Strategic Management Journal
Volume 27, Issue 5, pages 447–460, May 2006
How to Cite
Henderson, A. D., Miller, D. and Hambrick, D. C. (2006), How quickly do CEOs become obsolete? Industry dynamism, CEO tenure, and company performance. Strat. Mgmt. J., 27: 447–460. doi: 10.1002/smj.524
- Issue published online: 31 MAR 2006
- Article first published online: 27 FEB 2006
- Manuscript Revised: 26 AUG 2005
- Manuscript Received: 12 OCT 2002
- CEO tenure;
- CEO paradigms;
- strategic decision making
Scholars have characterized CEO tenures as life cycles in which executives learn rapidly during their initial time in office, but then grow stale as they lose touch with the external environment. We argue, however, that the opportunities for adaptive learning are limited because (1) a CEO assumes office with a relatively fixed paradigm that changes little thereafter; (2) inertia limits the speed at which an organization can align itself with a new CEO's paradigm; and (3) for any within-paradigm learning to occur, the external environment must be stable enough so that the cause–effect relationships that CEOs glean today remain relevant tomorrow. In a longitudinal study of 98 CEOs in the relatively stable branded foods industry and 228 CEOs in the highly dynamic computer industry, we found results that strongly supported our hypotheses.

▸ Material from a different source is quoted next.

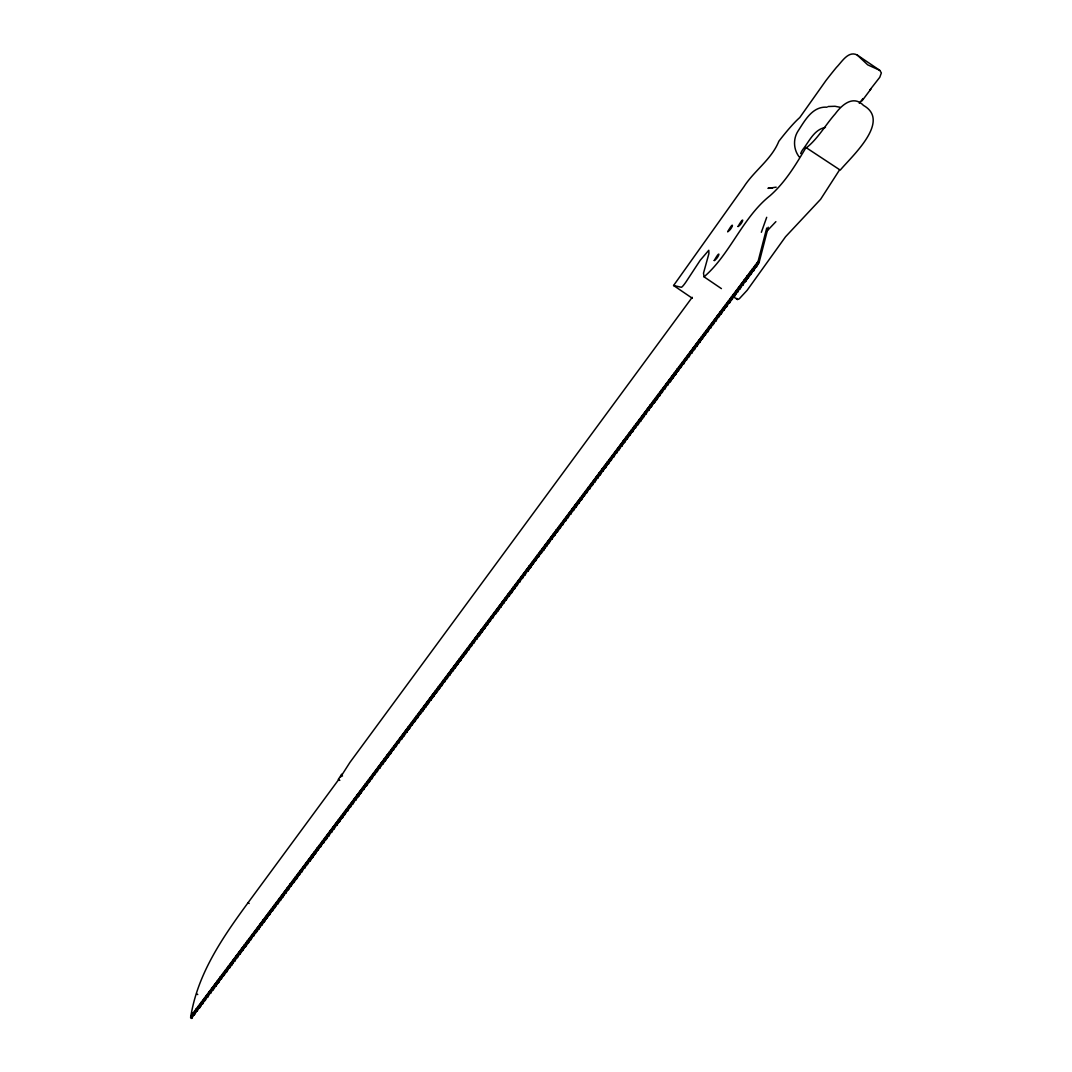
<?xml version="1.0" encoding="UTF-8"?>
<svg xmlns="http://www.w3.org/2000/svg" width="1072" height="1072" viewBox="0 0 1072 1072"><rect width="100%" height="100%" fill="white"/><g stroke="black" fill="none" stroke-linecap="round" stroke-linejoin="round"><path stroke-width="1.5" d="M190.628 1017.65L193.429 1012.705L193.322 1014.072L194.407 1014.822L194.528 1013.455L191.727 1018.4L190.628 1017.65L190.749 1016.283L758.051 261.541L766.721 228.081M191.727 1018.4L191.968 1016.872M196.002 1010.507L196.122 1009.141L197.221 1009.878L197.101 1011.244L196.002 1010.507L198.802 1005.563L198.695 1006.93L199.794 1007.667L202.595 1002.722L202.474 1004.089L201.375 1003.352L201.496 1001.985L198.695 1006.93M199.794 1007.667L202.595 1002.722M204.069 999.774L206.869 994.829L206.762 996.196L207.861 996.947L207.968 995.58L205.167 1000.524L204.069 999.774L204.189 998.407L201.375 1003.352M205.167 1000.524L205.288 999.144L202.474 1004.089M209.442 992.618L212.256 987.674L213.341 988.424L210.541 993.369L209.442 992.618L209.563 991.252L206.762 996.196M210.541 993.369L210.661 992.002L207.861 996.947M218.728 981.269L215.914 986.213L214.815 985.463L217.629 980.518L217.509 981.885L218.608 982.635L218.728 981.269L213.234 989.791L212.135 989.041L212.256 987.674M213.234 989.791L213.341 988.424L208.866 994.387M214.815 985.463L214.936 984.096L212.135 989.041M215.914 986.213L216.035 984.846M220.202 978.307L220.309 976.94L221.408 977.691L221.301 979.058L220.202 978.307L223.003 973.376L222.882 974.743L223.981 975.48L229.475 966.957L228.376 966.22L225.576 971.165L226.674 971.902L229.475 966.957L229.368 968.324L228.269 967.587L228.376 966.22M223.981 975.48L224.102 974.113L219.626 980.076M225.576 971.165L225.696 969.798L222.882 974.743M226.674 971.902L226.795 970.535M230.949 964.009L231.07 962.643L232.168 963.393L232.048 964.76L230.949 964.009L233.75 959.065L233.642 960.432L234.741 961.182L237.542 956.237L236.443 955.487L233.642 960.432M234.741 961.182L234.848 959.815L229.368 968.324M236.322 956.854L239.136 951.909L239.016 953.276L240.115 954.026L240.235 952.66L237.421 957.604L236.322 956.854L236.443 955.487M237.421 957.604L237.542 956.237M241.709 949.698L241.816 948.331L242.915 949.082L242.808 950.449L241.709 949.698L244.51 944.754L245.609 945.504L245.488 946.871L244.389 946.12L244.51 944.754M247.083 942.543L247.203 941.176L248.302 941.926L248.181 943.293L247.083 942.543L249.883 937.611L249.763 938.978L250.861 939.715L253.675 934.771L252.577 934.034L249.763 938.978M250.861 939.715L250.982 938.348L248.181 943.293M252.456 935.4L255.257 930.456L255.149 931.823L256.248 932.56L256.355 931.193L253.555 936.137L252.456 935.4L252.577 934.034M253.555 936.137L253.675 934.771L245.488 946.871M257.829 928.245L257.95 926.878L259.049 927.628L258.928 928.995L257.829 928.245L260.643 923.3L261.742 924.051L261.622 925.417L260.523 924.667L260.643 923.3M263.216 921.089L263.323 919.722L264.422 920.473L264.315 921.84L263.216 921.089L266.017 916.145L265.896 917.511L266.995 918.262L269.796 913.317L268.697 912.567L265.896 917.511M266.995 918.262L267.116 916.895L264.315 921.84M268.59 913.934L271.39 908.989L271.27 910.356L272.368 911.106L272.489 909.739L269.688 914.684L268.59 913.934L268.697 912.567M269.688 914.684L269.796 913.317L261.622 925.417M273.963 906.778L274.084 905.411L275.182 906.162L275.062 907.528L273.963 906.778L276.764 901.847L276.656 903.214L277.755 903.951L285.929 891.864L284.83 891.113L282.03 896.058L283.129 896.795L285.929 891.864L285.809 893.231L284.723 892.48L284.83 891.113M277.755 903.951L277.862 902.584L272.368 911.106M279.336 899.636L279.457 898.269L280.556 899.006L280.435 900.373L279.336 899.636L282.15 894.691L282.03 896.058M283.129 896.795L283.249 895.428L280.435 900.373M287.403 888.902L290.204 883.958L291.303 884.708L288.502 889.653L287.403 888.902L287.524 887.536L284.723 892.48M288.502 889.653L288.623 888.286L285.809 893.231M290.097 885.325L292.897 880.38L292.777 881.747L293.875 882.497L293.996 881.13L291.195 886.075L290.097 885.325L290.204 883.958M291.195 886.075L291.303 884.708M295.47 878.169L295.591 876.802L296.689 877.553L296.569 878.919L295.47 878.169L298.271 873.224L298.163 874.591L299.262 875.342L302.063 870.397L300.964 869.647L298.163 874.591M299.262 875.342L299.369 873.975L296.569 878.919M300.843 871.013L303.657 866.082L303.537 867.449L304.636 868.186L304.743 866.819L301.942 871.764L300.843 871.013L300.964 869.647M301.942 871.764L302.063 870.397M306.217 863.871L306.337 862.504L307.436 863.241L307.316 864.608L306.217 863.871L309.031 858.927L308.91 860.293L310.009 861.03L317.299 850.136M310.009 861.03L311.912 857.292M311.604 856.716L311.711 855.349L312.81 856.099L312.702 857.466L311.604 856.716L314.404 851.771L314.284 853.138L315.382 853.888L318.196 848.944L317.098 848.193L314.284 853.138M315.382 853.888L315.503 852.521L312.702 857.466M316.977 849.56L319.778 844.615L319.67 845.982L320.756 846.733L320.876 845.366L318.076 850.31L316.977 849.56L317.098 848.193M318.076 850.31L318.196 848.944M322.35 842.404L322.471 841.038L323.57 841.788L323.449 843.155L322.35 842.404L325.151 837.46L325.044 838.827L326.143 839.577L328.943 834.632L327.844 833.882L325.044 838.827M326.143 839.577L328.045 835.825M327.724 835.249L330.538 830.318L330.417 831.684L331.516 832.421L331.637 831.055L328.823 835.999L327.724 835.249L327.844 833.882M328.823 835.999L328.943 834.632M333.111 828.107L333.218 826.74L334.317 827.477L334.209 828.844L333.111 828.107L335.911 823.162L335.791 824.529L336.889 825.266L339.69 820.335L338.605 819.584L335.791 824.529M336.889 825.266L337.01 823.899L334.209 828.844M341.687 817.99L339.583 821.701L338.484 820.951L338.605 819.584M339.583 821.701L339.69 820.335M341.164 817.373L343.978 812.429L343.857 813.795L344.956 814.546L345.077 813.179L342.263 818.124L341.164 817.373L341.285 816.006L338.484 820.951M342.263 818.124L344.179 814.372M346.551 810.218L349.351 805.273L350.45 806.023L347.65 810.968L346.551 810.218L346.658 808.851L343.857 813.795M347.65 810.968L347.757 809.601L344.956 814.546M349.231 806.64L352.045 801.695L351.924 803.062L353.023 803.812L353.144 802.446L350.33 807.39L349.231 806.64L349.351 805.273M350.33 807.39L350.45 806.023M354.618 799.498L354.725 798.117L355.824 798.868L355.703 800.235L354.618 799.498L357.418 794.553L357.298 795.92L358.396 796.657L361.197 791.712L361.09 793.079L359.991 792.342L360.098 790.975L357.298 795.92M358.396 796.657L361.197 791.712M362.671 788.764L365.485 783.82L366.584 784.57L363.77 789.501L362.671 788.764L362.792 787.397L359.991 792.342M363.77 789.501L363.89 788.134L361.09 793.079M373.753 775.029L366.463 785.937L365.364 785.186L365.485 783.82M366.463 785.937L366.584 784.57L362.095 790.52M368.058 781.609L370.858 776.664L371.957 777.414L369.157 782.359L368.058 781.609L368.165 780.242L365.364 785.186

In the stable food industry, firm-level performance improved steadily with tenure, with downturns occurring only among the few CEOs who served more than 10–15 years. In contrast, in the dynamic computer industry, CEOs were at their best when they started their jobs, and firm performance declined steadily across their tenures, presumably as their paradigms grew obsolete more quickly than they could learn. Copyright © 2006 John Wiley & Sons, Ltd.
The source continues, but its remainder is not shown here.